In-situ formation of magnetic sodium ferric silicate/ferric oxide S-scheme heterojunction with efficiently removing tetracycline in photo-Fenton-like reaction

The improvement of Fe(III)/Fe(II) conversion efficiency and facilitation for recycling of Fe-based catalyst have dual economic and green benefits in the field of photo-Fenton-like for wastewater treatment. To achieve those purposes, we have designed and fabricated an S-scheme catalyst by in-situ growing magnetic sodium ferric silicate/ferroferric oxide-ferric oxide (SFS/M-FO) heterojunction. Our results demonstrated the mechanism of heterogeneous interface formation and S-scheme charge transportation between NaFeSi2O6 and alpha-Fe2O3 in the composite. Meanwhile, the semi-coherent interface in heterojunction could effectively reduce the charge transfer resistance. The incorporation of magnetic ferroferric oxide (Fe3O4) not only ensured high recoverability of the catalyst, but also facilitated charge transfer and improved light absorption capacity. The improved catalytic activity was derived from the combination of the S-scheme NaFeSi2O6/alpha-Fe2O3 heterojunction and Fe3O4 elec-tronic conductor.

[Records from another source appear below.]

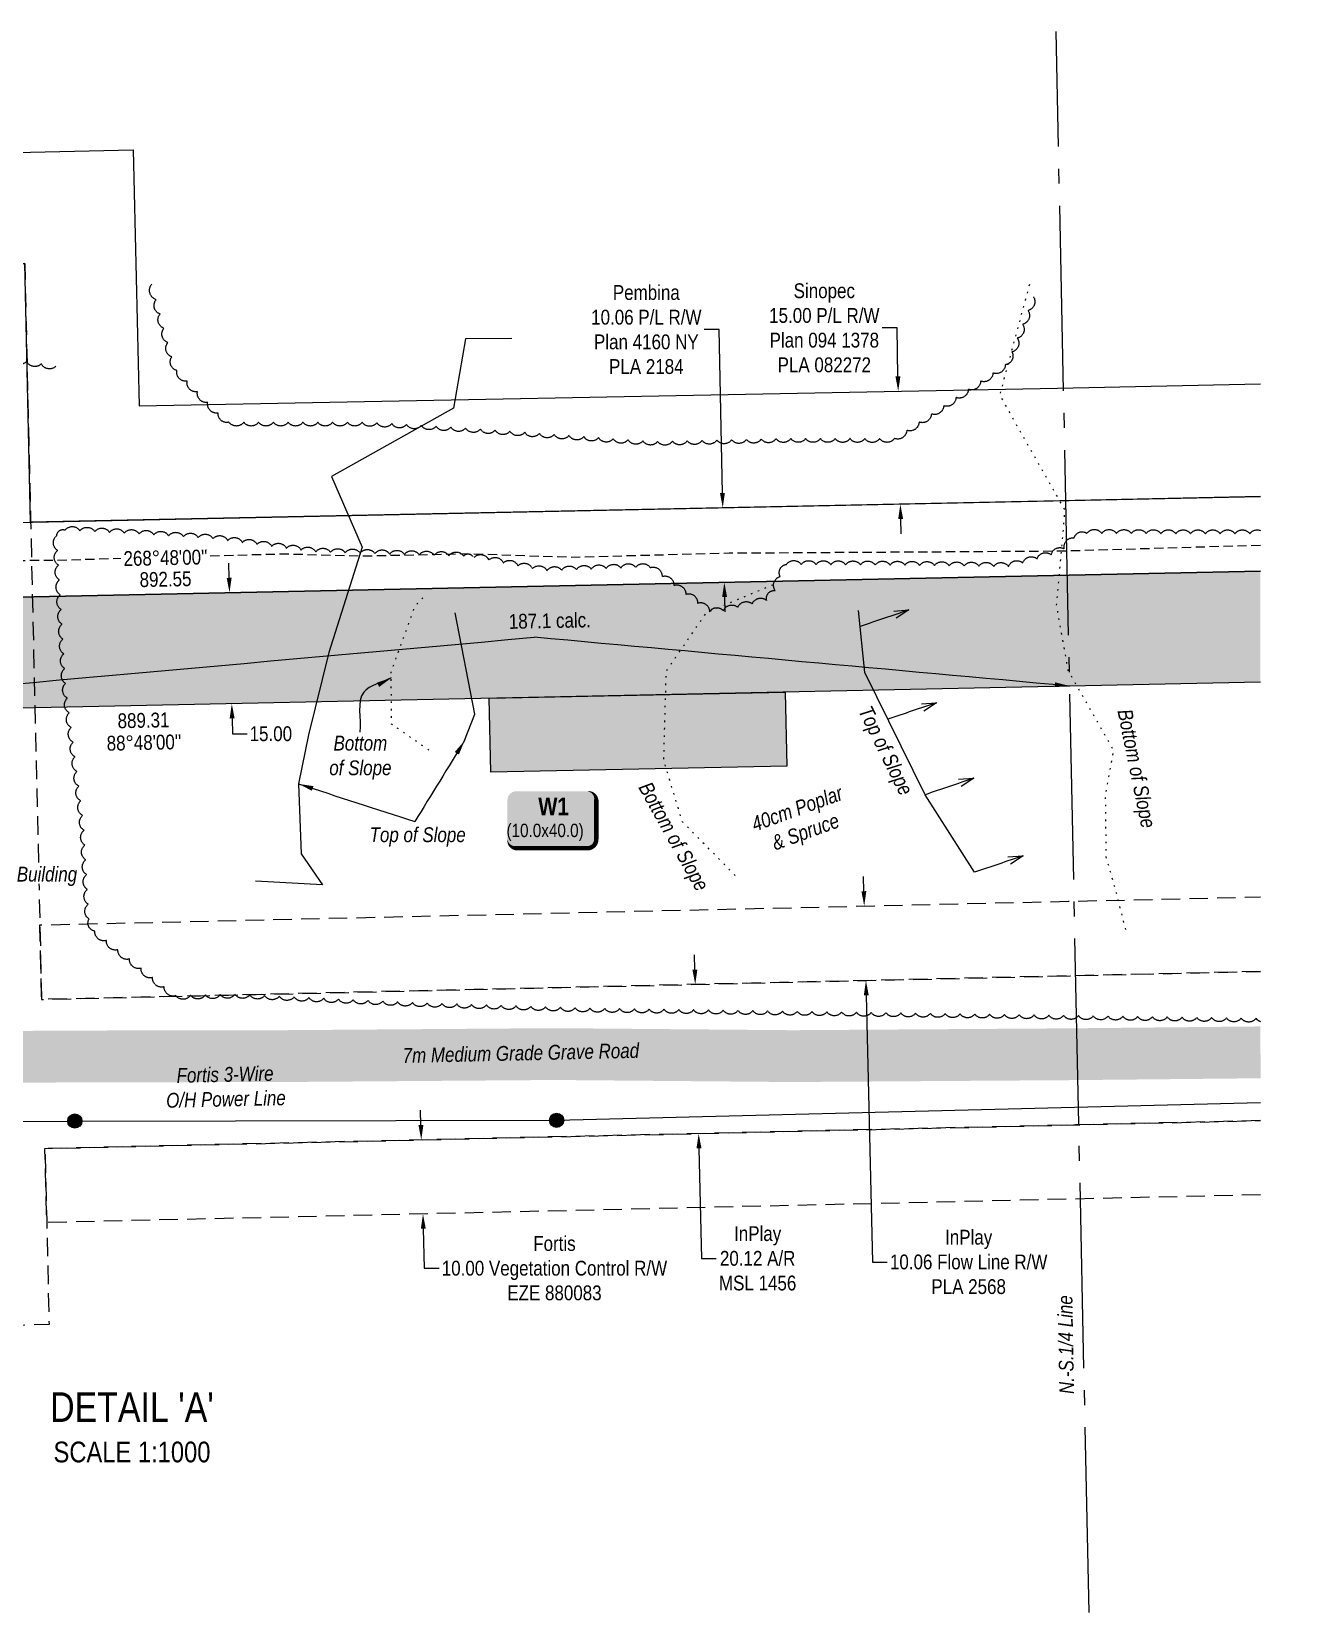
# Model space of a CAD drawing. Extents: x 601495 to 607119, y 5883555 to 5886722.
# Drawn here: x 602908 to 603756, y 5885013 to 5886081 of the extents above; entities that cross this region are included whole.
import ezdxf
from ezdxf.enums import TextEntityAlignment as Align

# ---------------------------------------------------------------- set-up
doc = ezdxf.new("R2010")
doc.units = 0
doc.header["$LTSCALE"] = 5
doc.header["$PDMODE"] = 34
doc.header["$PDSIZE"] = 0.03
for name, pattern in [('0', [1, 1, 0]), ('foc-ACCESSROAD', [3.75, 2.5, -1.25]), ('foc-FLOWLINE', [3.75, 2.5, -1.25]), ('foc-QUARTERLINE', [33, 25, -3, 2, -3]), ('foc-TOPO', [1, 0.2, -0.8]), ('POWERLINE5', [7.799999999999997, 2.399999999999999, -0.6, 0.6, -0.6, 0.6, -0.6, 2.399999999999999]), ('UG_PIPE', [1.875, 1.25, -0.625])]:
    doc.linetypes.add(name, pattern=pattern)
doc.layers.get('Defpoints').update_dxf_attribs({"color": 9})
for name, color, linetype in [('AS-PIPE-UG', 44, 'UG_PIPE'), ('AS-POWER', 104, 'foc-POWER'), ('AS-POWER-EXISTING', 72, 'POWERLINE5'), ('AS-ROADS', 254, 'Continuous'), ('C-FLOWLINE', 13, 'foc-FLOWLINE'), ('C-WS', 13, 'foc-ACCESSROAD'), ('DETAIL-T', 7, 'Continuous'), ('F-EZE', 190, 'foc-FLOWLINE'), ('F-RW', 190, 'Continuous'), ('L-BD', 7, 'Continuous'), ('L-QSEC', 8, 'foc-QUARTERLINE'), ('P-PROPOSED', 10, 'Continuous'), ('P-PROPOSED-H', 21, 'Continuous'), ('P-TEMP-BLOCKS', 250, 'Continuous'), ('P-TEMP-H', 41, 'Continuous'), ('P-TEMP_WORKSPACE', 46, 'Continuous'), ('P-TXT', 4, 'Continuous'), ('T-BUSH', 110, '0'), ('T-BUSH-T', 110, 'Continuous'), ('T-GENERAL', 48, 'foc-TOPO'), ('T-SLOPE', 48, 'Continuous')]:
    doc.layers.add(name, color=color, linetype=linetype)
doc.layers.add('AS-STRUCTURE-T', color=7, linetype='Continuous', true_color=0x454545)
for name, color, linetype, lineweight in [('C-AR-T', 13, 'Continuous', 9), ('C-FLOWLINE-T', 13, 'Continuous', 9), ('F-EZE-T', 190, 'Continuous', 9), ('F-RW-T', 190, 'Continuous', 9), ('T-TEXT', 48, 'Continuous', 18)]:
    doc.layers.add(name, color=color, linetype=linetype, lineweight=lineweight)
doc.styles.add('80', font='ARIALN.TTF', dxfattribs={"height": 10})
doc.styles.add('80CG', font='ARIALN.TTF', dxfattribs={"height": 10})
doc.styles.add('80L', font='ARIALN.TTF', dxfattribs={"height": 10})
doc.styles.add('80LS', font='ARIALNI.TTF', dxfattribs={"height": 10})
doc.styles.add('BOLD', font='ARIALNB.TTF')
doc.styles.add('foc-LtypeFont', font='ARIALN.TTF', dxfattribs={"height": 7.349999999999999})
doc.linetypes.add('foc-POWER', pattern='A,6,-1,["P",foc-LtypeFont,S=0.2,R=0,X=-0.625,Y=-0.75],-1.239999999999999,4', length=12.24)
doc.dimstyles.new('Compass 5 000', dxfattribs={"dimscale": 5, "dimtxt": 9, "dimasz": 2, "dimexe": 0.2, "dimexo": 0.0625, "dimgap": 0.5, "dimtad": 0, "dimtih": 1, "dimtoh": 1, "dimzin": 0, "dimdsep": 46, "dimtxsty": '80CG', "dimcen": 0.1, "dimse1": 1, "dimse2": 1, "dimclrd": 256, "dimclrt": 256, "dimaunit": 1, "dimadec": 4, "dimazin": 0, "dimtfac": 0.06, "dimtofl": 0, "dimtmove": 0, "dimatfit": 1, "dimfxl": 0.2, "dimtolj": 1, "dimtzin": 0, "dimlwd": -1, "dimarcsym": 0})

# ---------------------------------------------------------------- blocks, each defined once
blk = doc.blocks.new('*U435')
at = {"true_color": 0xff8aff}
h = blk.add_hatch(color=211, dxfattribs=at)
edge = h.paths.add_edge_path()
edge.add_line((-23.99999999999998, -20), (23.99999999999998, -20))
edge.add_arc((23.99999999999998, -14), 6, 270, 360)
edge.add_line((29.99999999999998, -14), (29.99999999999998, 12.5))
edge.add_arc((23.99999999999998, 12.5), 6, 0, 90)
edge.add_line((23.99999999999998, 18.5), (-23.99999999999998, 18.5))
edge.add_arc((-23.99999999999998, 12.5), 6, 90, 180)
edge.add_line((-29.99999999999998, 12.5), (-29.99999999999998, -14))
edge.add_arc((-23.99999999999998, -14), 6, 180, 270)
at = {"color": 250, "flags": 128}
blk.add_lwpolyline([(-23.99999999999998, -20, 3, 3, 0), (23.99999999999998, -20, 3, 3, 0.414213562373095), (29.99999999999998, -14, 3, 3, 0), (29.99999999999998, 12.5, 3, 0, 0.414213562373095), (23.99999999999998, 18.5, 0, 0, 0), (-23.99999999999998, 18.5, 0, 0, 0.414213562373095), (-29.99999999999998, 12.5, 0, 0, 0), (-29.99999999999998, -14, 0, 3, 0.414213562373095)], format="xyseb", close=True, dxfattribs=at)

Therefore, the SFS/M-FO composite showed excellent tetracycline removal rate of 91.8% within 50 min in the photo-Fenton-like reaction. The ternary composite also held excellent performance, reus-ability and structural stability. The produced intermediates and three degradation pathways of tetracycline were identified by liquid chromatograph-mass spectrometer. This study offers a convenient way for combining high performance and magnetical retrievability by in-situ growth method for wastewater treatment.